The tiered approach is not just about accuracy – it is about cost. Here is the order of operations for a production pipeline:

  1. Hash dedup – O(n), negligible memory. Removes 5-20% of documents instantly.
  2. MinHash LSH – O(n) insert and sublinear query. Catches surface-level near-duplicates. Budget roughly 1KB per document for the MinHash signatures.
  3. Embedding + FAISS – O(n) for encoding (GPU-bound), sublinear for search. Catches semantic duplicates that MinHash misses.
  4. HDBSCAN clustering – O(n log n) on the remaining candidates. Groups related documents for human review or automatic selection.

Process in batches. Encode 10K-50K documents at a time on GPU, add to the FAISS index incrementally, and run HDBSCAN on candidate pairs only – not on the full corpus.

 1
 2
 3
 4
 5
 6
 7
 8
 9
10
# Batch encoding example
batch_size = 10000
all_embeddings = []

for start in range(0, len(corpus), batch_size):
    batch = corpus[start:start + batch_size]
    emb = model.encode(batch, batch_size=256, show_progress_bar=True)
    all_embeddings.append(emb)

embeddings = np.vstack(all_embeddings)

Common Errors and Fixes

ValueError: num_perm must be positive – You passed num_perm=0 or a negative value to MinHash(). This happens when reading config from a file and the value comes in as a string. Cast it to int.

RuntimeError: CUDA out of memory during encoding – Reduce the batch_size in model.encode(). Start at 64 and work up. If you are encoding millions of documents, use model.encode(..., device="cpu") for the long tail and GPU for the bulk.

MinHash LSH returns no results even for obvious duplicates – Your threshold is too high relative to the actual Jaccard similarity. Shingle-based similarity is lower than you might expect – two sentences that share 80% of words might only have 0.5 Jaccard similarity on 5-character shingles. Lower the threshold or use word-level tokens.

HDBSCAN puts everything in the noise cluster (-1) – Your min_cluster_size is too large or the embeddings are too spread out. Try min_cluster_size=2 and min_samples=1. If that still does not work, reduce the embedding dimensionality with UMAP before clustering:

1
pip install umap-learn
1
2
3
4
5
import umap

reducer = umap.UMAP(n_components=10, metric="cosine")
reduced = reducer.fit_transform(embeddings)
labels = hdbscan.HDBSCAN(min_cluster_size=2).fit_predict(reduced)

datasketch is slow on very large datasets – The pure Python implementation of MinHash is not fast. For corpora over 10M documents, look at text-dedup or gaoya (Rust-based LSH). Alternatively, process in shards and merge results.

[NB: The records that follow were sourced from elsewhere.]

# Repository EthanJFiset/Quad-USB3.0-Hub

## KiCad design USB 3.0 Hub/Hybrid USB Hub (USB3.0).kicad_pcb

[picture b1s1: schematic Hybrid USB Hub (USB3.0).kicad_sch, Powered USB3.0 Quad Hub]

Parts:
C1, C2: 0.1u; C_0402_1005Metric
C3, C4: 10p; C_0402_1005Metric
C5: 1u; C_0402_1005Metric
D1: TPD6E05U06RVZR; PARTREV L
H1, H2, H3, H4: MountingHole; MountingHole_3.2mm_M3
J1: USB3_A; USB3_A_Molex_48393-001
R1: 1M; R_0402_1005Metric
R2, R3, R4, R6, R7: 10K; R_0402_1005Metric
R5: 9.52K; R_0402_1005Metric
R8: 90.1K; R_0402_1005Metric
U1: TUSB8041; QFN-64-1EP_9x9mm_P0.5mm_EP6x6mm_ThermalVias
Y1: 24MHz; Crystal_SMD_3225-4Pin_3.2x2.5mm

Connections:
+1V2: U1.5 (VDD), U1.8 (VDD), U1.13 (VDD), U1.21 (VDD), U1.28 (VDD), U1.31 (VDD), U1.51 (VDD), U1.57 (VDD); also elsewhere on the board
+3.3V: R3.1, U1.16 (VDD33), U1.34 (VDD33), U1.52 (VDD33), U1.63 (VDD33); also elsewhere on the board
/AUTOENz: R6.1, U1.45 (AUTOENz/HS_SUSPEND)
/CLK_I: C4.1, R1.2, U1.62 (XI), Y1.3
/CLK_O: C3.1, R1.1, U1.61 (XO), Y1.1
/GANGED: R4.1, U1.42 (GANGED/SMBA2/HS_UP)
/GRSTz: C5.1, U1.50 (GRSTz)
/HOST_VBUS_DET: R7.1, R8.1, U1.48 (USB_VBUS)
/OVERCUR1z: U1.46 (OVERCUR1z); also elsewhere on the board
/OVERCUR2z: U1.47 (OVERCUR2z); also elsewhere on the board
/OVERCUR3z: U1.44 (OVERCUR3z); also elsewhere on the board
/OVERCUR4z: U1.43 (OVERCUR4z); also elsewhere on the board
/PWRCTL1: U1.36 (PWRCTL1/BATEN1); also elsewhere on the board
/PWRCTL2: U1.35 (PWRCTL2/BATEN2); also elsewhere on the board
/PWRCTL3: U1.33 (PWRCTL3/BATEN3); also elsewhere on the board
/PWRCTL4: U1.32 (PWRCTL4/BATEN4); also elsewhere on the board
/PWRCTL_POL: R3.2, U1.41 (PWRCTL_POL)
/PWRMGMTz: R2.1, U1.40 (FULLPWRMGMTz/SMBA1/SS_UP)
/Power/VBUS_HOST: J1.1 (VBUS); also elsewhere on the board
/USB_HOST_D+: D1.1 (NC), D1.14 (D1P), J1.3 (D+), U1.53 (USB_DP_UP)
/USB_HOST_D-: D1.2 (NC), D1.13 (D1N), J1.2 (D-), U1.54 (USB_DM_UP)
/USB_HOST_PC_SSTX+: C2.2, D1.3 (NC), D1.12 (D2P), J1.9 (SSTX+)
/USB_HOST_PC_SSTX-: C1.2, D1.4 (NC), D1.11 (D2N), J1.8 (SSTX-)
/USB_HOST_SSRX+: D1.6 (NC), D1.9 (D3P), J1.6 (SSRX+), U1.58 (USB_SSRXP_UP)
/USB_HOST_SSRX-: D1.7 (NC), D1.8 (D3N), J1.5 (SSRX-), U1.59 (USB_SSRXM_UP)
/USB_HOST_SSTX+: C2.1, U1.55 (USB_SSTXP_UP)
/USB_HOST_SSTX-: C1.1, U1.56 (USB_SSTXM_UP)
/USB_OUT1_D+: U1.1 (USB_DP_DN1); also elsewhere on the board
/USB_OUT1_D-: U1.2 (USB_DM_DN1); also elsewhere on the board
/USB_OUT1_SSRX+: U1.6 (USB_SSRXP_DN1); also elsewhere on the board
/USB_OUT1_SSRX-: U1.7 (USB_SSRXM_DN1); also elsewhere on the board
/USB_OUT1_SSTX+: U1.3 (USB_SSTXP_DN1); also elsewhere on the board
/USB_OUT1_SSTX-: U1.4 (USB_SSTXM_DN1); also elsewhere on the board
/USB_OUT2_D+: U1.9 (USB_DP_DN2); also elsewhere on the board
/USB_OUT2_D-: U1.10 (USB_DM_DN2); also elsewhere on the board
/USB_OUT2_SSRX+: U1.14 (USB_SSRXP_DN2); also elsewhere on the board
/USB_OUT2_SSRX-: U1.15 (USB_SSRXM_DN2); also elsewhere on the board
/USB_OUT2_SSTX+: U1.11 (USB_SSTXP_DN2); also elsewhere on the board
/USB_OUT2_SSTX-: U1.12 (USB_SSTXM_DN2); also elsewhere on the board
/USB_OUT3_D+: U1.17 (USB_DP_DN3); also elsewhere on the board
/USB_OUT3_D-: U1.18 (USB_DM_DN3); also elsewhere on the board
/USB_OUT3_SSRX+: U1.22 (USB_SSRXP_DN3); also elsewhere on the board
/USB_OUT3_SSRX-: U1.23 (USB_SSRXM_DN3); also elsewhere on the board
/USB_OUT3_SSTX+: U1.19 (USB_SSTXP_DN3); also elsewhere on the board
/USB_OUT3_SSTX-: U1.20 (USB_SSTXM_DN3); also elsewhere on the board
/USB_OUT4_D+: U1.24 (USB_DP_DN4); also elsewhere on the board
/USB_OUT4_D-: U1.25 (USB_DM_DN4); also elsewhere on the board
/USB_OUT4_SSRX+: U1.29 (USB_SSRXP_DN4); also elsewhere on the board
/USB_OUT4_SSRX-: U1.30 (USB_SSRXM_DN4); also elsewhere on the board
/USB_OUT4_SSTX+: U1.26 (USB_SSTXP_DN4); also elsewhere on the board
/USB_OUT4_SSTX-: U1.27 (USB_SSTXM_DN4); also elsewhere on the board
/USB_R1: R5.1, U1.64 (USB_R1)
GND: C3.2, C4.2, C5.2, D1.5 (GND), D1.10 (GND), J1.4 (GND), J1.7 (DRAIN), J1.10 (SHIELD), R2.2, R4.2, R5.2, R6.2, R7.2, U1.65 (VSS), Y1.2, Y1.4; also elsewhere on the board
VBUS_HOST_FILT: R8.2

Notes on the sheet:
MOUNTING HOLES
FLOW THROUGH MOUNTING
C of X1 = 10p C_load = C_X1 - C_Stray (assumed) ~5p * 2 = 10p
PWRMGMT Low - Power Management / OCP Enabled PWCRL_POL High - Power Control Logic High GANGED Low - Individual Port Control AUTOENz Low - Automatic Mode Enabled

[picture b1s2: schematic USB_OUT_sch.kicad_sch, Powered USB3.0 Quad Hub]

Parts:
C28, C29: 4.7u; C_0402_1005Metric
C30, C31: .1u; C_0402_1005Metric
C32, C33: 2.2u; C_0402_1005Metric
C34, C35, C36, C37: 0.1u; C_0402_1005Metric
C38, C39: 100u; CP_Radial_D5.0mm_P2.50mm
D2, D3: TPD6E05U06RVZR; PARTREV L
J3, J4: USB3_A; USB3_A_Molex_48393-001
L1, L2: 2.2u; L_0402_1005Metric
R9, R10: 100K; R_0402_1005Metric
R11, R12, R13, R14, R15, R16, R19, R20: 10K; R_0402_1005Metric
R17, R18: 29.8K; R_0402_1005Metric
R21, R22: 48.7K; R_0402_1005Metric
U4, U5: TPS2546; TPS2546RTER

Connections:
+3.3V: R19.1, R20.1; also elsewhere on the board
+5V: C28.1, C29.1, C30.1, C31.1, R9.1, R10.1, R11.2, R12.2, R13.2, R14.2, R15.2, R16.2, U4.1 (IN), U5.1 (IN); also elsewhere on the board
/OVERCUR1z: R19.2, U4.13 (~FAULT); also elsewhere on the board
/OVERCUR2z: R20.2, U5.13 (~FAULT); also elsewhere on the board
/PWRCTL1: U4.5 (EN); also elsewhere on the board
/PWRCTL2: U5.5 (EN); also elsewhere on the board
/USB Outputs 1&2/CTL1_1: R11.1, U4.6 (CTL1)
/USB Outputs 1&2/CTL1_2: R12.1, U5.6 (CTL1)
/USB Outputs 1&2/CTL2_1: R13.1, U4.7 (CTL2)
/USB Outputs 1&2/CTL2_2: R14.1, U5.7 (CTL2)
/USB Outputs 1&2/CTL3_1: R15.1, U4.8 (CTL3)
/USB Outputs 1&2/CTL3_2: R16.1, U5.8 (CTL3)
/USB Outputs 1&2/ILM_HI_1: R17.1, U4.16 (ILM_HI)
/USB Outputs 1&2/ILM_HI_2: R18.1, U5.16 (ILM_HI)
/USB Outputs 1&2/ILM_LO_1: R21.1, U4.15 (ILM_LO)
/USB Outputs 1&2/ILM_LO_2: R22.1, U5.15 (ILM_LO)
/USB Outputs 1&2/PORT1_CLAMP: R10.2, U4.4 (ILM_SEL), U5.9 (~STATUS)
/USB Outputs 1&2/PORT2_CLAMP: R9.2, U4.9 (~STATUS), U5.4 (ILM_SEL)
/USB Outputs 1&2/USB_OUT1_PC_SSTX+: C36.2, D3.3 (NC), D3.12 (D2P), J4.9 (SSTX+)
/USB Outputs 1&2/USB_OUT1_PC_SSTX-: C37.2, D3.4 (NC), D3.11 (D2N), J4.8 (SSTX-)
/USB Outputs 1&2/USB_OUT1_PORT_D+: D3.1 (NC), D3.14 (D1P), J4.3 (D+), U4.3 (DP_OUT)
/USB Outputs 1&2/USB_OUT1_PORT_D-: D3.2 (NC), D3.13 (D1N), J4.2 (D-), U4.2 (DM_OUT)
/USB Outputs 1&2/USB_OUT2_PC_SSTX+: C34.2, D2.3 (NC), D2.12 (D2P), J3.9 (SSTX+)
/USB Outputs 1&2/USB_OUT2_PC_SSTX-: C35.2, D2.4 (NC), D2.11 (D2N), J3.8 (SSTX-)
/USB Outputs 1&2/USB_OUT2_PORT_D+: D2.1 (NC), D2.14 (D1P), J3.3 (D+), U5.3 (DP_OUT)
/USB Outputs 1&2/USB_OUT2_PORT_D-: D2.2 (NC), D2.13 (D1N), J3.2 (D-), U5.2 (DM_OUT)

Cosine similarity scores are all near 1.0 – Your embeddings are not normalized, or you are comparing very short texts that collapse to similar vectors. Check with np.linalg.norm(embedding) – it should be close to 1.0 after normalization. For short texts, use a model fine-tuned on short-form data like all-MiniLM-L6-v2 rather than a passage-level model.